§ Work item
Copy word for word, please, the lines of the entries below running from the one containing "3 decimals, lengths" to the one containing "#20476 = CARTESIAN_POINT", both ends included.

§ Available records
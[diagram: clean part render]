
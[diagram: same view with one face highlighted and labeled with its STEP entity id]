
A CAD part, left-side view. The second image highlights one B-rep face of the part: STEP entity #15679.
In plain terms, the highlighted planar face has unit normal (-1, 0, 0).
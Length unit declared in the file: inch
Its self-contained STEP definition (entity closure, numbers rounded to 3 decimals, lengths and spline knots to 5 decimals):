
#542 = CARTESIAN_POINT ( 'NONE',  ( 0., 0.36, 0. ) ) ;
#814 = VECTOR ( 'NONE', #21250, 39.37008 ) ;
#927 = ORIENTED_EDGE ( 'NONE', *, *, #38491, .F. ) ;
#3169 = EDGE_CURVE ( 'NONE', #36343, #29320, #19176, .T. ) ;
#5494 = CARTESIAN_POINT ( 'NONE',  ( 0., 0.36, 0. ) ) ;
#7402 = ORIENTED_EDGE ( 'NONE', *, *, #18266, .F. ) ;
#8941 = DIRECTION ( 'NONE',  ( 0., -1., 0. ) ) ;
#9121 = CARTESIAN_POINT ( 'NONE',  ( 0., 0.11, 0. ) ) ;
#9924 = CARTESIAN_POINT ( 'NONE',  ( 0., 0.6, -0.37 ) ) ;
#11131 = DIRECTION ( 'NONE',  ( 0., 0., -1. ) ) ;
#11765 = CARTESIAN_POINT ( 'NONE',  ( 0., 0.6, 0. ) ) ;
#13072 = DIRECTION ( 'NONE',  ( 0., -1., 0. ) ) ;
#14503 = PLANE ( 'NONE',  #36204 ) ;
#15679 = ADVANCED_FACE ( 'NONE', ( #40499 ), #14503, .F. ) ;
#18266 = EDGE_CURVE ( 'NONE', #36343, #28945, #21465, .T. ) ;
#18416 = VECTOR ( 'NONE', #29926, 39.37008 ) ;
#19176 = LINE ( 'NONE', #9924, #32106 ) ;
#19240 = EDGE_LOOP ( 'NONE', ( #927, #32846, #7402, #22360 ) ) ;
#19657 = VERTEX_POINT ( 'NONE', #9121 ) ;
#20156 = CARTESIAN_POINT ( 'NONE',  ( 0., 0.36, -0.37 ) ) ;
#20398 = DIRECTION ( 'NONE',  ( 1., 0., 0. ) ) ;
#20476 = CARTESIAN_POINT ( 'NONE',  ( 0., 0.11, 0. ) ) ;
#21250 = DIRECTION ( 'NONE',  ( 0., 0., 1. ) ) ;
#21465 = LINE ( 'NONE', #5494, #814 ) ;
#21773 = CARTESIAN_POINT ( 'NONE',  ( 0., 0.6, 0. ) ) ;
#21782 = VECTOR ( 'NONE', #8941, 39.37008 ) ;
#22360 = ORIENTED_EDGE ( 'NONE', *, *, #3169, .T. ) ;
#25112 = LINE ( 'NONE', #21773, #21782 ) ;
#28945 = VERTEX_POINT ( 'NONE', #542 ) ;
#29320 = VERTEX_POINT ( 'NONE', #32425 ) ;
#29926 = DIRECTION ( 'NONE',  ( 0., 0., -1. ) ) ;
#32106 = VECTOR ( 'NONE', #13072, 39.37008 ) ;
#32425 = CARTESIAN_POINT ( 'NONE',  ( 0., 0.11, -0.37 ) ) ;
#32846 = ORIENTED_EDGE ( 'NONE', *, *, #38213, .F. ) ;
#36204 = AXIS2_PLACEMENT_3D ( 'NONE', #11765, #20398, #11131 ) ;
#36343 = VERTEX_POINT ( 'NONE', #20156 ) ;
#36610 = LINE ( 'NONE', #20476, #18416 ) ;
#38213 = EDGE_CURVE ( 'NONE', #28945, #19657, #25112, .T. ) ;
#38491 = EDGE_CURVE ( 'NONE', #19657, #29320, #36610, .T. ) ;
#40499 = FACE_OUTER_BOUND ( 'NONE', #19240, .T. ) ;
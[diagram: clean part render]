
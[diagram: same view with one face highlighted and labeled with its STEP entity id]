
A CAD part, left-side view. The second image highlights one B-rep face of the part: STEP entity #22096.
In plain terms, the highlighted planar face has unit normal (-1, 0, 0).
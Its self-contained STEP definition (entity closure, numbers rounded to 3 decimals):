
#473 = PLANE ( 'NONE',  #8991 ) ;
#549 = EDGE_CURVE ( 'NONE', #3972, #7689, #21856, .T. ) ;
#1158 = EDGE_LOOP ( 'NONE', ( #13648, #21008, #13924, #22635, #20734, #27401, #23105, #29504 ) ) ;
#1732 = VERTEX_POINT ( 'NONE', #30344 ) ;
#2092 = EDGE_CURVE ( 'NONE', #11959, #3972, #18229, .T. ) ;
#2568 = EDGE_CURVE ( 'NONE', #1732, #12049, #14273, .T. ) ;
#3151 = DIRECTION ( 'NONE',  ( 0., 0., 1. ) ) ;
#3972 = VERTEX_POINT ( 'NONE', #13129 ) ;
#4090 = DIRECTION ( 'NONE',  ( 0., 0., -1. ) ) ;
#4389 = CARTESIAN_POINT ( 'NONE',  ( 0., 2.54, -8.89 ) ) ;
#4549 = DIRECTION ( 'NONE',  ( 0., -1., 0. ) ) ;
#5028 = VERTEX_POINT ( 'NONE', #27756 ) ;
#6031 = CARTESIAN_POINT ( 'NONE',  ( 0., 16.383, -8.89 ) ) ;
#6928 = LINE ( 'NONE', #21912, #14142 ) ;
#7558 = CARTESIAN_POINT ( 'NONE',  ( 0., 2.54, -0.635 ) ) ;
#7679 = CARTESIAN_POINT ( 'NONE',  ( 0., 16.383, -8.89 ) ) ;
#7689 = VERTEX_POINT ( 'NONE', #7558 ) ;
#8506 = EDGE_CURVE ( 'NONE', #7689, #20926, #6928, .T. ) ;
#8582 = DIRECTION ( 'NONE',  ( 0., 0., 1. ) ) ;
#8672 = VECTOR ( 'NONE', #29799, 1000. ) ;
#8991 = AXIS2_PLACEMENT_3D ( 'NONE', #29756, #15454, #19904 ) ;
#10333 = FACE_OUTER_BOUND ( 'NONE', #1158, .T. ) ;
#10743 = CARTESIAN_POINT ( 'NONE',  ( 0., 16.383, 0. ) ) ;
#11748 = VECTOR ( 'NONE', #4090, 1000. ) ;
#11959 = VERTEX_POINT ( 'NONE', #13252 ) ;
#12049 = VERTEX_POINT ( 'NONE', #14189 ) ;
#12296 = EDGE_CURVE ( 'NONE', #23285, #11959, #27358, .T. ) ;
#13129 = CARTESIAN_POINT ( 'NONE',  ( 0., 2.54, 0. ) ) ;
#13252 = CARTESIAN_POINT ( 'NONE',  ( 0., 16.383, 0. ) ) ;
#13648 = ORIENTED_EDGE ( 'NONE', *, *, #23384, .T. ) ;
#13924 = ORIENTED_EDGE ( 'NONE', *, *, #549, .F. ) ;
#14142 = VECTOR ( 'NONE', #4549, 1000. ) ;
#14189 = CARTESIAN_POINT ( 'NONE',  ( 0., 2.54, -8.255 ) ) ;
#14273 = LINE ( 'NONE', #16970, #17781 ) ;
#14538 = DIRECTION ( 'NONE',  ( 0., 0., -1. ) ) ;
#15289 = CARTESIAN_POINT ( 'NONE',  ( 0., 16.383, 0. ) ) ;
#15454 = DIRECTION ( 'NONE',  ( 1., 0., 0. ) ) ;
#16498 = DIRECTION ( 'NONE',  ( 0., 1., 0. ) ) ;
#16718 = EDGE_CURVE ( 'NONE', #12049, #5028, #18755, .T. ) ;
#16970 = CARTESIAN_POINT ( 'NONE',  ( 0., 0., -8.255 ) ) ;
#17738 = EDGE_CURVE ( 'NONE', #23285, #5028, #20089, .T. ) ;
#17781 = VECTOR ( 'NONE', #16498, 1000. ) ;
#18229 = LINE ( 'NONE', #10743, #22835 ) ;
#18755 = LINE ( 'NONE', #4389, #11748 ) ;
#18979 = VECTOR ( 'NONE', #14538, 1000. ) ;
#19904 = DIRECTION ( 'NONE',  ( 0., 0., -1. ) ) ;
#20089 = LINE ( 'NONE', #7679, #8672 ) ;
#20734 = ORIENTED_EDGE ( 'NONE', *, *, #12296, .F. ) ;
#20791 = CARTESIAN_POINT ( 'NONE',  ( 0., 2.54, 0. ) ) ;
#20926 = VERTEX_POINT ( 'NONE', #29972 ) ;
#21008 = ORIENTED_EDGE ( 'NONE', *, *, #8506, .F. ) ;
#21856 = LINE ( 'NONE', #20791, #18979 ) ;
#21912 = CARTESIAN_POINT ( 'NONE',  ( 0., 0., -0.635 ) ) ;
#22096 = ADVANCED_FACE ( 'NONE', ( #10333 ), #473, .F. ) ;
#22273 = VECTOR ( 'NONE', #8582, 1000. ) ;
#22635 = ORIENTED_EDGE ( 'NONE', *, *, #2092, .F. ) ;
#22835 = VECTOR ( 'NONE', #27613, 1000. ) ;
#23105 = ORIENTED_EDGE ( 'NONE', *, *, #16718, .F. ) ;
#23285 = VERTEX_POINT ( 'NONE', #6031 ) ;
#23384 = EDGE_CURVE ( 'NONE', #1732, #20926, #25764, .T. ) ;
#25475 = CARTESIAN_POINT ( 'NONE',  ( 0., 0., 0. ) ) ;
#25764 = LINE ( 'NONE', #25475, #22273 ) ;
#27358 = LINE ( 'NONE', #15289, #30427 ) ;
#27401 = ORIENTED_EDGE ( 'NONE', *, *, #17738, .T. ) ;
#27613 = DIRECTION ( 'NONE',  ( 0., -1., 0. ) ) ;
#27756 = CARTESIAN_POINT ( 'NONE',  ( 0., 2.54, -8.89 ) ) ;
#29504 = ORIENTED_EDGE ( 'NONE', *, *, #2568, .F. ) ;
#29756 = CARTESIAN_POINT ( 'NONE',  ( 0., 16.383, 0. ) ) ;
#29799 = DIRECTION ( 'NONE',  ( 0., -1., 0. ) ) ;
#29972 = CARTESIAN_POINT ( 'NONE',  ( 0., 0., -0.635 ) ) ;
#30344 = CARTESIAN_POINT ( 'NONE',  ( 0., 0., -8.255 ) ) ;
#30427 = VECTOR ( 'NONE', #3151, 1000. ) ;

§ Completed exercise
Its self-contained STEP definition (entity closure, numbers rounded to 3 decimals, lengths and spline knots to 5 decimals):
#542 = CARTESIAN_POINT ( 'NONE',  ( 0., 0.36, 0. ) ) ;
#814 = VECTOR ( 'NONE', #21250, 39.37008 ) ;
#927 = ORIENTED_EDGE ( 'NONE', *, *, #38491, .F. ) ;
#3169 = EDGE_CURVE ( 'NONE', #36343, #29320, #19176, .T. ) ;
#5494 = CARTESIAN_POINT ( 'NONE',  ( 0., 0.36, 0. ) ) ;
#7402 = ORIENTED_EDGE ( 'NONE', *, *, #18266, .F. ) ;
#8941 = DIRECTION ( 'NONE',  ( 0., -1., 0. ) ) ;
#9121 = CARTESIAN_POINT ( 'NONE',  ( 0., 0.11, 0. ) ) ;
#9924 = CARTESIAN_POINT ( 'NONE',  ( 0., 0.6, -0.37 ) ) ;
#11131 = DIRECTION ( 'NONE',  ( 0., 0., -1. ) ) ;
#11765 = CARTESIAN_POINT ( 'NONE',  ( 0., 0.6, 0. ) ) ;
#13072 = DIRECTION ( 'NONE',  ( 0., -1., 0. ) ) ;
#14503 = PLANE ( 'NONE',  #36204 ) ;
#15679 = ADVANCED_FACE ( 'NONE', ( #40499 ), #14503, .F. ) ;
#18266 = EDGE_CURVE ( 'NONE', #36343, #28945, #21465, .T. ) ;
#18416 = VECTOR ( 'NONE', #29926, 39.37008 ) ;
#19176 = LINE ( 'NONE', #9924, #32106 ) ;
#19240 = EDGE_LOOP ( 'NONE', ( #927, #32846, #7402, #22360 ) ) ;
#19657 = VERTEX_POINT ( 'NONE', #9121 ) ;
#20156 = CARTESIAN_POINT ( 'NONE',  ( 0., 0.36, -0.37 ) ) ;
#20398 = DIRECTION ( 'NONE',  ( 1., 0., 0. ) ) ;
#20476 = CARTESIAN_POINT ( 'NONE',  ( 0., 0.11, 0. ) ) ;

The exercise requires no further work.